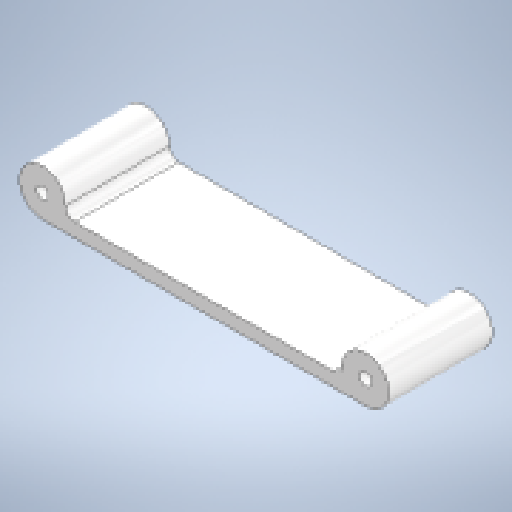
# Autodesk Inventor part: bad_huta
Saved by Autodesk Inventor 2025.1 (Build 291241000, 241)
## iProperties
Created: 2024-09-04
Part Number: bad_huta
Material: ABS プラスチック
Document SubType Name: Modeling
Designer: right
Density: 1.06 g/cm^3
Appearance: 滑らか - 黒
Mass: 6.34155 g
Surface Area: 49.7909 cm^2
Volume: 5.98259 cm^3
Author: right
Autodesk Inventor part; units mm, degrees
ref_plane "YZ Plane" through (0, 0, 0) normal (1, 0, 0) x (0, 1, 0)
ref_plane "XZ Plane" through (0, 0, 0) normal (0, 1, 0) x (-1, 0, 0)
ref_plane "XY Plane" through (0, 0, 0) normal (0, 0, 1) x (1, 0, 0)
sketch "スケッチ1" plane through (0, 0, 0) normal (0, 0, 1) x (1, 0, 0)
  circle A0 centre (-40, -15) radius 2 projected
  circle A1 centre (-40, -15) radius 1.3
  circle A2 centre (-40, -15) radius 4
  circle A3 centre (30, -15) radius 2 projected
  circle A4 centre (30, -15) radius 1.3
  circle A5 centre (30, -15) radius 4
  line L0 (-36.5359, -17) -> (26.5359, -17)
  line L1 (33, -12.0514) -> (33, -20) projected
  line L2 (-43, 18) -> (33, 18) projected
  line L3 (-43, -20) -> (-43, 18) projected
  line L4 (-43, -20) -> (33, -20) projected
  circle A6 centre (30, -15) radius 2 projected
  circle A7 centre (-40, -15) radius 2 projected
  circle A8 centre (48, 10) radius 1.3 projected
  line L5 (49.2255, 7.2617) -> (41.3517, 3.7378) projected
  arc A9 (49.2255, 7.2617) -> (49.2255, 12.7383) centre (48, 10) ccw projected
  line L6 (33, 20) -> (49.2255, 12.7383) projected
  line L7 (33, 18) -> (33, 20) projected
  line L8 (12.9502, 12.2111) -> (-6.1056, 2.6833) projected
  arc A10 (-7.8944, 2.6833) -> (-6.1056, 2.6833) centre (-7, 4.4721) ccw projected
  line L9 (-7.8944, 2.6833) -> (-26.9502, 12.2111) projected
  arc A11 (-26.0557, 16) -> (-26.9502, 12.2111) centre (-26.0557, 14) ccw projected
  line L10 (-26.0557, 16) -> (12.0557, 16) projected
  arc A12 (12.9502, 12.2111) -> (12.0557, 16) centre (12.0557, 14) ccw projected
  line L11 (-30.9502, -14.2111) -> (-7.8944, -2.6833) projected
  arc A13 (-6.1056, -2.6833) -> (-7.8944, -2.6833) centre (-7, -4.4721) ccw projected
  line L12 (-6.1056, -2.6833) -> (16.9502, -14.2111) projected
  arc A14 (16.0557, -18) -> (16.9502, -14.2111) centre (16.0557, -16) ccw projected
  line L13 (16.0557, -18) -> (-30.0557, -18) projected
  arc A15 (-30.9502, -14.2111) -> (-30.0557, -18) centre (-30.0557, -16) ccw projected
  arc A16 (-15.0498, -1.7889) -> (-15.0498, 1.7889) centre (-15.9443, 0) ccw projected
  line L14 (-15.0498, -1.7889) -> (-36.5067, -12.5173) projected
  arc A17 (-38.4407, -12.4371) -> (-36.5067, -12.5173) centre (-37.4012, -10.7285) ccw projected
  arc A18 (-38.4407, -12.4371) -> (-39.4, -12.0606) centre (-40, -15) ccw projected
  arc A19 (-41, -10.101) -> (-39.4, -12.0606) centre (-39, -10.101) ccw projected
  line L15 (-41, -10.101) -> (-41, 11.5279) projected
  arc A20 (-38.1056, 13.3167) -> (-41, 11.5279) centre (-39, 11.5279) ccw projected
  line L16 (-38.1056, 13.3167) -> (-15.0498, 1.7889) projected
  line L17 (1.0498, 1.7889) -> (28.1056, 15.3167) projected
  arc A21 (31, 13.5279) -> (28.1056, 15.3167) centre (29, 13.5279) ccw projected
  line L18 (31, 13.5279) -> (31, -10.101) projected
  arc A22 (29.4, -12.0606) -> (31, -10.101) centre (29, -10.101) ccw projected
  arc A23 (29.4, -12.0606) -> (27.5909, -13.2122) centre (30, -15) ccw projected
  arc A24 (25.0904, -13.8091) -> (27.5909, -13.2122) centre (25.9849, -12.0203) ccw projected
  line L19 (25.0904, -13.8091) -> (1.0498, -1.7889) projected
  arc A25 (1.0498, 1.7889) -> (1.0498, -1.7889) centre (1.9443, 0) ccw projected
  arc A26 (45.0001, 10.0279) -> (45.0001, 9.9721) centre (48, 10) ccw projected
  arc A27 (43.8172, 8.128) -> (45.0001, 9.9721) centre (43.0002, 9.9535) ccw projected
  line L20 (43.8172, 8.128) -> (38.817, 5.8902) projected
  arc A28 (36, 7.7157) -> (38.817, 5.8902) centre (38, 7.7157) ccw projected
  line L21 (36, 7.7157) -> (36, 12.2843) projected
  arc A29 (38.817, 14.1098) -> (36, 12.2843) centre (38, 12.2843) ccw projected
  line L22 (38.817, 14.1098) -> (43.8172, 11.872) projected
  arc A30 (45.0001, 10.0279) -> (43.8172, 11.872) centre (43.0002, 10.0465) ccw projected
  spline S0 degree 3 poles (41.3517, 3.7378) (39.988, 3.1275) (38.7646, 2.2569) (36.3724, -0.2353) (35.577, -1.7516) (34.5201, -4.2662) (34.1294, -5.7212) (33.5024, -8.8036) (33.2459, -10.4611) (33.0027, -12.0338) (33.0014, -12.0426) (33, -12.0514) knots 0 0 0 0 0.448208 0.448208 1.03384 1.03384 1.722667 1.722667 2.343954 2.343954 2.347451 2.347451 2.347451 2.347451 projected
  point P0 (0, 0)
  point P1 (-40, -20)
  point P2 (30, -20)
  point P3 (33, -17.6458)
  point P4 (-43, -17.6458)
  point P5 (-43, -12.3542)
  point P6 (33, -12.3542)
  dimension "d1" = 8
  dimension "d3" = 8
  dimension "d0" = 2.6
  dimension "d2" = 2.6
  dimension "d4" = 3
  constraints: 4 coincident, 2 centre point, 2 end point, 1 horizontal, 6 other
  measures "d0" diameter of A1
  measures "d2" diameter of A4
  measures "d4" distance between parallel lines of L0 L4
ref_plane "作業平面1" through (-35, -20, 20) normal (0, 0, -1) x (0, 1, 0)
ref_plane "作業平面2" through (-35, -20, 24.5) normal (0, 0, -1) x (0, 1, 0)
ref_plane "作業平面3" through (-49.856, -31.0995, 22.5) normal (0, 0, -1) x (0, 1, 0)
extrude "押し出し1" add sketch "スケッチ1" along normal up to surface (22.5 mm away) contours A0 | A2 L3 A19 A18 A17 | L0 A15 L13 A14 A5 L1 L4 L3 A2 | A2 L3 | L0 A14 L13 A15 | A17 A18 A19 A2 | A5 A24 A23 A22 L1 | L1 A5 | A5 A22 A23 A24 | A3
fillet "フィレット1" radius 2 2 edges at (-36.5359, -17, 11.25) (26.5359, -17, 11.25)
sketch "スケッチ2" plane through (-40, -20, 0) normal (0, -1, 0) x (1, 0, 0)
  line L0 (-3, 22.5) -> (73, 22.5) projected
  line L1 (-3, 0) -> (73, 0) projected
  line L2 (68, 20.5) -> (2, 20.5)
  line L3 (2, 20.5) -> (2, 2)
  line L4 (2, 2) -> (68, 2)
  line L5 (68, 2) -> (68, 20.5)
  line L6 (0, 22.5) -> (70, 0) construction
  line L7 (35, 22.5) -> (35, 0) construction
  line L8 (0, 21.4496) -> (66.7321, 0)
  line L9 (0.612, 23.3537) -> (67.3441, 1.9041)
  line L10 (70, 21.4496) -> (3.2679, 0)
  line L11 (69.388, 23.3537) -> (2.6559, 1.9041)
  line L12 (-3, 0) -> (-3, 22.5) projected
  line L13 (73, 0) -> (73, 22.5) projected
  point P0 (40, 0)
  point P1 (67.0457, 20.5)
  point P2 (38.2679, 11.25)
  point P3 (67.0457, 2)
  point P4 (35, 10.1996)
  point P5 (9.4901, 2)
  point P6 (60.5099, 2)
  point P7 (35, 12.3004)
  point P8 (60.5099, 20.5)
  point P9 (9.4901, 20.5)
  point P10 (2.9543, 2)
  point P11 (31.7321, 11.25)
  point P12 (2.9543, 20.5)
  dimension "d8" = 2
  dimension "d9" = 1
  constraints: 20 end point, 6 symmetric about line, 2 midpoint, 1 parallel, 1 point on line
  measures "d8" distance between parallel lines of L0 L2
  measures "d9" distance between parallel lines of L8 L6
extrude "押し出し2" cut sketch "スケッチ2" against normal blind 1 contours L2 L11 L9 | L8 L11 L4 L3 L2 | L10 L8 L4 | L2 L5 L4 L9 L10
fillet "フィレット2" radius 2 16 edges at (-38, -19.5, 20.5) (-37.0457, -19.5, 20.5) (-30.5099, -19.5, 20.5) (-5, -19.5, 12.3004) (-8.2679, -19.5, 11.25) (-5, -19.5, 10.1996) (-1.7321, -19.5, 11.25) (20.5099, -19.5, 20.5) (28, -19.5, 20.5) (27.0457, -19.5, 20.5) (28, -19.5, 2) (27.0457, -19.5, 2) (20.5099, -19.5, 2) (-30.5099, -19.5, 2) (-38, -19.5, 2) (-37.0457, -19.5, 2)
fillet "フィレット3" radius 2 24 edges at (-37.1785, -19, 19.6799) (-24.7904, -19, 16.5608) (-12.8036, -19, 11.25) (-24.7904, -19, 5.9392) (-37.1785, -19, 2.8201) (-38, -19, 11.25) (9.7278, -19, 18.8097) (1.988, -19, 14.5465) (-5, -19, 12.4012) (-11.988, -19, 14.5465) (-19.7278, -19, 18.8097) (-5, -19, 20.5) (9.7278, -19, 3.6903) (-5, -19, 2) (-19.7278, -19, 3.6903) (-11.988, -19, 7.9535) (-5, -19, 10.0988) (1.988, -19, 7.9535) (27.1785, -19, 19.6799) (28, -19, 11.25) (27.1785, -19, 2.8201) (14.7904, -19, 5.9392) (2.8036, -19, 11.25) (14.7904, -19, 16.5608)
fillet "フィレット4" radius 2 4 edges at (-43, -20, 11.25) (-43, -17.6458, 11.25) (33, -20, 11.25) (33, -17.6458, 11.25)
equation "\"d3\" = d1"
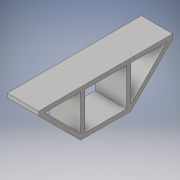
# Autodesk Inventor part: Motor_Shroud
Saved by Autodesk Inventor 2016 (Build 200138000, 138)
## iProperties
Created: 2018-10-20
Part Number: Motor_Shroud
Material: Generic
Document SubType Name: Modeling
Designer: Kyle
Density: 1 g/cm^3
Appearance: Default
Author: Kyle
Autodesk Inventor part; units mm, degrees
ref_plane "YZ Plane" through (0, 0, 0) normal (1, 0, 0) x (0, 1, 0)
ref_plane "XZ Plane" through (0, 0, 0) normal (0, 1, 0) x (-1, 0, 0)
ref_plane "XY Plane" through (0, 0, 0) normal (0, 0, 1) x (1, 0, 0)
sketch "Sketch1" plane through (0, 0, 0) normal (1, 0, 0) x (0, 1, 0)
  line L0 (9, 10) -> (-9, 10)
  line L1 (-9, 10) -> (-9, -10)
  line L2 (-9, -10) -> (9, -10)
  line L3 (9, -10) -> (9, 10)
  line L4 (9, 10) -> (-9, -10) construction
  line L5 (-9, 10) -> (9, -10) construction
  line L6 (-11, 12) -> (11, 12)
  line L7 (11, 12) -> (11, -12)
  line L8 (11, -12) -> (-11, -12)
  line L9 (-11, -12) -> (-11, 12)
  line L10 (-11, 12) -> (9, 32)
  line L11 (-11, 12) -> (21.2472, 12) construction
  line L12 (11, 12) -> (11, 32)
  line L13 (-11, -12) -> (9, -32)
  line L14 (-11, -12) -> (29.5291, -12) construction
  line L15 (11, -12) -> (11, -32)
  line L16 (9, 12) -> (9, 29.1716)
  line L17 (9, 29.1716) -> (-8.1716, 12)
  line L18 (-8.1716, -12) -> (9, -29.1716)
  line L19 (9, -29.1716) -> (9, -12)
  line L20 (11, 12) -> (11, 10)
  line L21 (11, 12) -> (9, 12)
  line L22 (-8.1716, 12) -> (-11, 12)
  line L23 (-11, -12) -> (-8.1716, -12)
  line L24 (11, -12) -> (9, -12)
  line L25 (9, 29.1716) -> (9, 32)
  line L26 (9, 32) -> (11, 32)
  line L27 (9, -29.1716) -> (11, -29.1716)
  line L28 (9, -29.1716) -> (9, -32)
  line L29 (9, -32) -> (11, -32)
  line L30 (11, 12) -> (9, 12)
  line L31 (-8.1716, 12) -> (-11, 12)
  line L32 (-8.1716, 12) -> (9, 29.1716)
  line L33 (-8.1716, -12) -> (9, -12)
  line L34 (11, -12) -> (9, -12)
  point P0 (0, 0)
  dimension "d0" = 18
  dimension "d1" = 20
  dimension "d2" = 2
  dimension "d3" = 45
  dimension "d4" = 45
  dimension "d5" = 2
  dimension "d6" = 2
  constraints: 70 end point, 7 collinear, 6 point on line, 5 parallel, 5 perpendicular, 4 horizontal, 3 vertical, 2 midpoint, 4 other
  measures "d0" distance of L2.end L1.end
  measures "d1" distance of L2.end L0.start
  measures "d2" distance between parallel lines of L0 L6
  measures "d3" angle of L11 L10
  measures "d4" angle of L13 L14
  measures "d5" distance between parallel lines of L12 L16
  measures "d6" distance between parallel lines of L13 L18
extrude "Extrusion2" add sketch "Sketch1" along normal blind 15 contours L10 L25 L17 L6 | L6 L7 L8 L9 | L8 L18 L28 L13 | L26 L12 L6 L16 L25 | L28 L27 L15 L29 | L8 L15 L27 L19
body "Solid2"
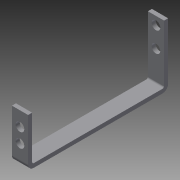
# Autodesk Inventor part: bottom pulley mount
Saved by Autodesk Inventor 2013 (Build 170138000, 138)
## iProperties
Created: 2013-02-07
Part Number: bottom pulley mount
Material: Generic
Document SubType Name: Sheet Metal
Designer: Arpan
Density: 1 g/cm^3
Sheet Metal Rule: Default
Mass: 7.12438 g
Surface Area: 60.3167 cm^2
Volume: 7.12438 cm^3
Author: Arpan
Autodesk Inventor part; units mm, degrees
ref_plane "YZ Plane" through (0, 0, 0) normal (1, 0, 0) x (0, 1, 0)
ref_plane "XZ Plane" through (0, 0, 0) normal (0, 1, 0) x (-1, 0, 0)
ref_plane "XY Plane" through (0, 0, 0) normal (0, 0, 1) x (1, 0, 0)
sketch "Sketch1" plane through (0, 0, 0) normal (0, 0, 1) x (1, 0, 0)
  line L0 (0, 0) -> (-12.7, 0)
  line L1 (-12.7, 0) -> (-12.7, 44.45)
  line L2 (-12.7, 44.45) -> (0, 44.45)
  line L3 (0, 44.45) -> (0, 0)
  dimension "d0" = 12.7
  dimension "d1" = 44.45
  measures "d0" distance of L0.start L0.end
  measures "d1" distance of L0.end L1.end
extrude "Plate1" add sketch "Sketch1" along normal blind 3.175
sketch "Sketch2" plane through (0, -1.27, 4.445) normal (0, -1, 0) x (1, 0, 0)
  line L0 (-12.7, 0) -> (0, 0)
  line L1 (0, 0) -> (0, 100.8952)
  line L2 (0, 100.8952) -> (-12.7, 100.8952)
  line L3 (-12.7, 100.8952) -> (-12.7, 0)
  constraints: 6 end point, 1 horizontal, 1 perpendicular, 1 vertical
edge flange "Flange1" height 105.3401 angle 90 thickness 3.175 bend radius 1.27 thickness toward (0, -1, 0) relief tear relief width 3.175 relief depth 1.5875 edges at (-6.35, 0, 3.175) wall of the first edge with corners at (-12.7, -1.27, 4.445) (0, -1.27, 4.445) (0, -1.27, 105.3401) (-12.7, -1.27, 105.3401)
bend "Bend1"
corner "Corner1"
sketch "Sketch3" plane through (0, 0, 0) normal (0, 0, -1) x (-1, 0, 0)
  circle A0 centre (6.3516, 38.1) radius 3.3782 projected
  circle A1 centre (6.3516, 22.225) radius 3.3782 projected
extrude "Cut1" cut sketch "Sketch3" against normal blind 3.175
sketch "Sketch5" plane through (0, 0, 106.6102) normal (0, 0, 1) x (1, 0, 0)
  line L0 (-12.7, 0) -> (0, 0)
  line L1 (0, 0) -> (0, 33.655)
  line L2 (0, 33.655) -> (-12.7, 33.655)
  line L3 (-12.7, 33.655) -> (-12.7, 0)
  constraints: 6 end point, 1 horizontal, 1 perpendicular, 1 vertical
edge flange "Flange2" height 38.1 angle 90 thickness 3.175 bend radius 1.27 thickness toward (0, 0, 1) relief tear relief width 3.175 relief depth 1.5875 edges at (-6.35, -1.27, 105.3401) wall of the first edge with corners at (-12.7, 0, 106.6102) (0, 0, 106.6102) (0, 33.655, 106.6102) (-12.7, 33.655, 106.6102)
bend "Bend2"
corner "Corner2"
sketch "Sketch6" plane through (-12.7, 33.655, 109.7851) normal (0, 0, 1) x (1, 0, 0)
  line L0 (0, 0) -> (12.7, 0) projected
  line L1 (0, -33.655) -> (0, 0) projected
  line L2 (6.35, 0) -> (6.35, -11.2183)
  line L3 (6.35, -11.2183) -> (6.35, -22.4451)
  circle A0 centre (6.35, -11.2183) radius 3.3782
  circle A1 centre (6.35, -22.4451) radius 3.3782
  dimension "d29" = 11.2183
  dimension "d31" = 11.2268
  dimension "d32" = 6.7564
  dimension "d33" = 6.7564
  constraints: 4 end point, 2 centre point, 2 coincident, 1 collinear, 1 midpoint, 1 parallel
  measures "d29" distance of L2.start L2.end
  measures "d31" distance of L2.end L3.end
  measures "d32" diameter of A0
  measures "d33" diameter of A1
extrude "Cut3" cut sketch "Sketch6" against normal blind 3.175
equation "\"d13\" = Thickness"
equation "\"d34\" = Thickness"
equation "\"d3\" = BendReliefWidth"
equation "\"d4\" = BendReliefDepth"
equation "\"d5\" = MinimumRemnant"
equation "\"d6\" = BendRadius"
equation "\"d10\" = CornerReliefSize"
equation "\"d11\" = GapSize"
equation "\"d12\" = JacobiRadiusSize"
equation "\"d19\" = BendReliefWidth"
equation "\"d20\" = BendReliefDepth"
equation "\"d21\" = MinimumRemnant"
equation "\"d22\" = BendRadius"
equation "\"d26\" = CornerReliefSize"
equation "\"d27\" = GapSize"
equation "\"d28\" = JacobiRadiusSize"
equation "\"BendRadius\" = Thickness"
equation "\"BendReliefWidth\" = Thickness"
equation "\"BendReliefDepth\" = 0.5 * Thickness"
equation "\"CornerReliefSize\" = 4 * Thickness"
equation "\"MinimumRemnant\" = 2 * Thickness"
equation "\"TransitionRadius\" = BendRadius"
equation "\"JacobiRadiusSize\" = Thickness"
equation "\"GapSize\" = Thickness"
equation "\"d2\" = BendRadius"
equation "\"Thickness\" = 3.175"
body "Solid1"
****************************************
Report every line in the data above in which the word "lines" appears.

  measures "d4" distance between parallel lines of L0 L4
  measures "d8" distance between parallel lines of L0 L2
  measures "d9" distance between parallel lines of L8 L6
  measures "d2" distance between parallel lines of L0 L6
  measures "d5" distance between parallel lines of L12 L16
  measures "d6" distance between parallel lines of L13 L18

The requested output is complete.